#### Input records:
◆ ◆ ◆ ◆ ◆ ◆ ◆

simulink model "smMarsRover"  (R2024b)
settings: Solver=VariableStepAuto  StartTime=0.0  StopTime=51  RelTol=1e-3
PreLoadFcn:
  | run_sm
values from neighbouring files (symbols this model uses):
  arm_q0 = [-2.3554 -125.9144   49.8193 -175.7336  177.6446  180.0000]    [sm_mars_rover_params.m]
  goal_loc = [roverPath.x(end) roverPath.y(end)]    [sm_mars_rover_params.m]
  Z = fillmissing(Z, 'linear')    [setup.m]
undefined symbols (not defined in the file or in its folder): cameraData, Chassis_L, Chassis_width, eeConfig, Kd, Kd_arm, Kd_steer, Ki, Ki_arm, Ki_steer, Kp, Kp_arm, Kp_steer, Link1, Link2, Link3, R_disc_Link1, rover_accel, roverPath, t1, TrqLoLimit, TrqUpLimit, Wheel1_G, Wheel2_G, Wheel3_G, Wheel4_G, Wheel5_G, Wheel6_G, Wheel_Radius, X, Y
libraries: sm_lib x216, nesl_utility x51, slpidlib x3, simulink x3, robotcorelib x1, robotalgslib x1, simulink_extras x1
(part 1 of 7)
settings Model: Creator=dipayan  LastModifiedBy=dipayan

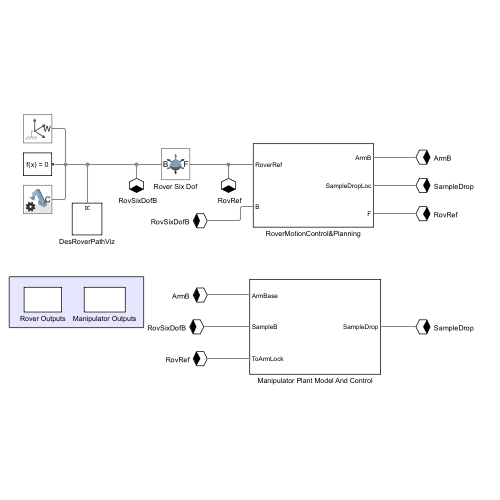
[thumbnail: Simulink's stored preview of the top-level diagram]
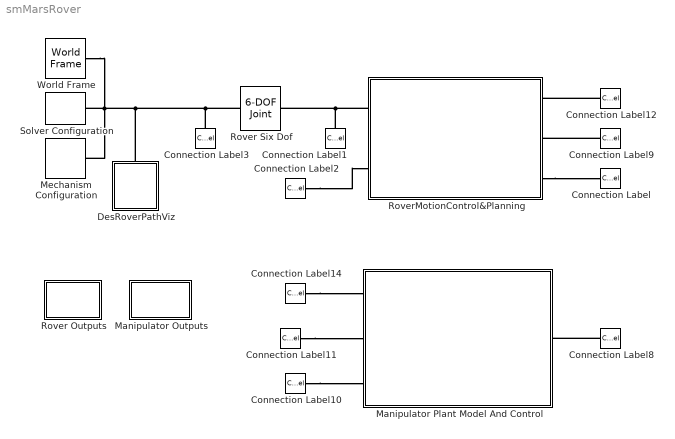
== system smMarsRover ==
  Connection Label : ConnectionLabel  Label=RovRef
  Connection Label1 : ConnectionLabel  Label=RovRef
  Connection Label10 : ConnectionLabel  Label=RovRef
  Connection Label11 : ConnectionLabel  Label=RovSixDofB
  Connection Label12 : ConnectionLabel  Label=ArmB
  Connection Label14 : ConnectionLabel  Label=ArmB
  Connection Label2 : ConnectionLabel  Label=RovSixDofB
  Connection Label3 : ConnectionLabel  Label=RovSixDofB
  Connection Label8 : ConnectionLabel  Label=SampleDrop
  Connection Label9 : ConnectionLabel  Label=SampleDrop
  DesRoverPathViz : Subsystem
  Manipulator Outputs : Subsystem
  Manipulator Plant Model And Control : Subsystem
  Mechanism Configuration : sm_lib/Utilities/Mechanism Configuration  UniformGravity=Constant  GravityVector=[0 0 -3.72076]  GravityVectorUnits=m/s^2  LinearizationDelta=0.001  JointModeTransitionNonlinearIterations=2
  Rover Outputs : Subsystem
  Rover Six Dof : sm_lib/Joints/6-DOF Joint  JointMode=Normal  CompositeWrenchDir=FollowerOnBase  CompositeWrenchFrame=BaseFrame  SenseConstraintForce=off  SenseConstraintTorque=off  SenseTotalForce=off  SenseTotalTorque=off  PxPositionTargetSpecify=on  PxPositionTargetPriority=High  PxPositionTargetValue=roverPath.x(1)  PxPositionTargetValueUnits=m  PxVelocityTargetSpecify=off  PxVelocityTargetPriority=High  PxVelocityTargetValue=0  PxVelocityTargetValueUnits=m/s  PxEquilibriumPosition=0  PxEquilibriumPositionUnits=m  PxSpringStiffness=0  PxSpringStiffnessUnits=N/m  PxDampingCoefficient=0  PxDampingCoefficientUnits=N/(m/s)  PxLowerLimitSpecify=off  PxLowerLimitBound=-1  PxLowerLimitBoundUnits=m  PxLowerLimitStiffness=1e6  PxLowerLimitStiffnessUnits=N/m  PxLowerLimitDamping=1e3  PxLowerLimitDampingUnits=N/(m/s)  PxLowerLimitTransitionRegionWidth=1e-4  PxLowerLimitTransitionRegionWidthUnits=m  PxUpperLimitSpecify=off  PxUpperLimitBound=1  PxUpperLimitBoundUnits=m  PxUpperLimitStiffness=1e6  PxUpperLimitStiffnessUnits=N/m  PxUpperLimitDamping=1e3  PxUpperLimitDampingUnits=N/(m/s)  PxUpperLimitTransitionRegionWidth=1e-4  PxUpperLimitTransitionRegionWidthUnits=m  PxTorqueActuationMode=NoTorque  PxMotionActuationMode=ComputedMotion  PxSensePosition=off  PxSenseVelocity=off  PxSenseAcceleration=off  PxSenseTorqueForce=off  PxSenseLowerLimitTorqueForce=off  PxSenseUpperLimitTorqueForce=off  PyPositionTargetSpecify=on  PyPositionTargetPriority=High  PyPositionTargetValue=roverPath.y(1)  PyPositionTargetValueUnits=m  PyVelocityTargetSpecify=off  PyVelocityTargetPriority=High  PyVelocityTargetValue=-2  PyVelocityTargetValueUnits=m/s  PyEquilibriumPosition=0  PyEquilibriumPositionUnits=m  PySpringStiffness=0  PySpringStiffnessUnits=N/m  PyDampingCoefficient=0  PyDampingCoefficientUnits=N/(m/s)  PyLowerLimitSpecify=off  PyLowerLimitBound=-1  PyLowerLimitBoundUnits=m  PyLowerLimitStiffness=1e6  PyLowerLimitStiffnessUnits=N/m  PyLowerLimitDamping=1e3  PyLowerLimitDampingUnits=N/(m/s)  PyLowerLimitTransitionRegionWidth=1e-4  PyLowerLimitTransitionRegionWidthUnits=m  PyUpperLimitSpecify=off  PyUpperLimitBound=1  PyUpperLimitBoundUnits=m  PyUpperLimitStiffness=1e6  PyUpperLimitStiffnessUnits=N/m  PyUpperLimitDamping=1e3  PyUpperLimitDampingUnits=N/(m/s)  PyUpperLimitTransitionRegionWidth=1e-4  PyUpperLimitTransitionRegionWidthUnits=m  PyTorqueActuationMode=NoTorque  PyMotionActuationMode=ComputedMotion  PySensePosition=off  PySenseVelocity=off  PySenseAcceleration=off  PySenseTorqueForce=off  PySenseLowerLimitTorqueForce=off  PySenseUpperLimitTorqueForce=off  PzPositionTargetSpecify=on  PzPositionTargetPriority=High  PzPositionTargetValue=roverPath.t0.pzOffset  PzPositionTargetValueUnits=m  PzVelocityTargetSpecify=off  PzVelocityTargetPriority=High  PzVelocityTargetValue=0  PzVelocityTargetValueUnits=m/s  PzEquilibriumPosition=0  PzEquilibriumPositionUnits=m  PzSpringStiffness=0  PzSpringStiffnessUnits=N/m  PzDampingCoefficient=0  PzDampingCoefficientUnits=N/(m/s)  PzLowerLimitSpecify=off  PzLowerLimitBound=-1  PzLowerLimitBoundUnits=m  PzLowerLimitStiffness=1e6  PzLowerLimitStiffnessUnits=N/m  PzLowerLimitDamping=1e3  PzLowerLimitDampingUnits=N/(m/s)  PzLowerLimitTransitionRegionWidth=1e-4  PzLowerLimitTransitionRegionWidthUnits=m  PzUpperLimitSpecify=off  PzUpperLimitBound=1  PzUpperLimitBoundUnits=m  PzUpperLimitStiffness=1e6  PzUpperLimitStiffnessUnits=N/m  PzUpperLimitDamping=1e3  PzUpperLimitDampingUnits=N/(m/s)  PzUpperLimitTransitionRegionWidth=1e-4  PzUpperLimitTransitionRegionWidthUnits=m  PzTorqueActuationMode=NoTorque  PzMotionActuationMode=ComputedMotion  PzSensePosition=off  PzSenseVelocity=off  PzSenseAcceleration=off  PzSenseTorqueForce=off  PzSenseLowerLimitTorqueForce=off  PzSenseUpperLimitTorqueForce=off  SphPositionTargetSpecify=on  SphPositionTargetPriority=High  SphPositionTargetRotationMethod=RotationSequence  SphPositionTargetFollAlignAxisA=+X  SphPositionTargetBaseAlignAxisA=+Y  SphPositionTargetFollAlignAxisB=+Y  SphPositionTargetBaseAlignAxisB=+Z  SphPositionTargetRotationStandardAxis=+X  SphPositionTargetRotationAngle=5  SphPositionTargetRotationAngleUnits=deg  SphPositionTargetRotationArbitraryAxis=[0 0 1]  SphPositionTargetRotationSequenceAxes=FollowerAxes  SphPositionTargetRotationSequence=ZYX  SphPositionTargetRotationSequenceAngles=[roverPath.t0.yaw, roverPath.t0.pitch, roverPath.t0.roll]  SphPositionTargetRotationSequenceAnglesUnits=rad  SphPositionTargetRotationMatrix=[1 0 0; 0 1 0; 0 0 1]  SphPositionTargetQuaternion=[1 0 0 0]  SphVelocityTargetSpecify=off  SphVelocityTargetPriority=High  SphVelocityTargetValue=[0 0 45]  SphVelocityTargetValueUnits=deg/s  SphVelocityTargetInFollowerFrame=on  SphEqPosRotationMethod=None  SphEqPosFollAlignAxisA=+X  SphEqPosBaseAlignAxisA=+Y  SphEqPosFollAlignAxisB=+Y  SphEqPosBaseAlignAxisB=+Z  SphEqPosRotationStandardAxis=+Z  SphEqPosRotationAngle=0.0  SphEqPosRotationAngleUnits=deg  SphEqPosRotationArbitraryAxis=[0 0 1]  SphEqPosRotationSequenceAxes=FollowerAxes  SphEqPosRotationSequence=XYX  SphEqPosRotationSequenceAngles=[0 0 0]  SphEqPosRotationSequenceAnglesUnits=deg  SphEqPosRotationMatrix=[1 0 0; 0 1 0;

◆ ◆ ◆ ◆ ◆ ◆ ◆

#### Task goal:
Out of the entries above, write out only the lines between the line holding "Connection Label9 : ConnectionLabel" and the line holding "Rover Outputs : Subsystem", inclusive, each exactly as given.

#### Worked solution:
  Connection Label9 : ConnectionLabel  Label=SampleDrop
  DesRoverPathViz : Subsystem
  Manipulator Outputs : Subsystem
  Manipulator Plant Model And Control : Subsystem
  Mechanism Configuration : sm_lib/Utilities/Mechanism Configuration  UniformGravity=Constant  GravityVector=[0 0 -3.72076]  GravityVectorUnits=m/s^2  LinearizationDelta=0.001  JointModeTransitionNonlinearIterations=2
  Rover Outputs : Subsystem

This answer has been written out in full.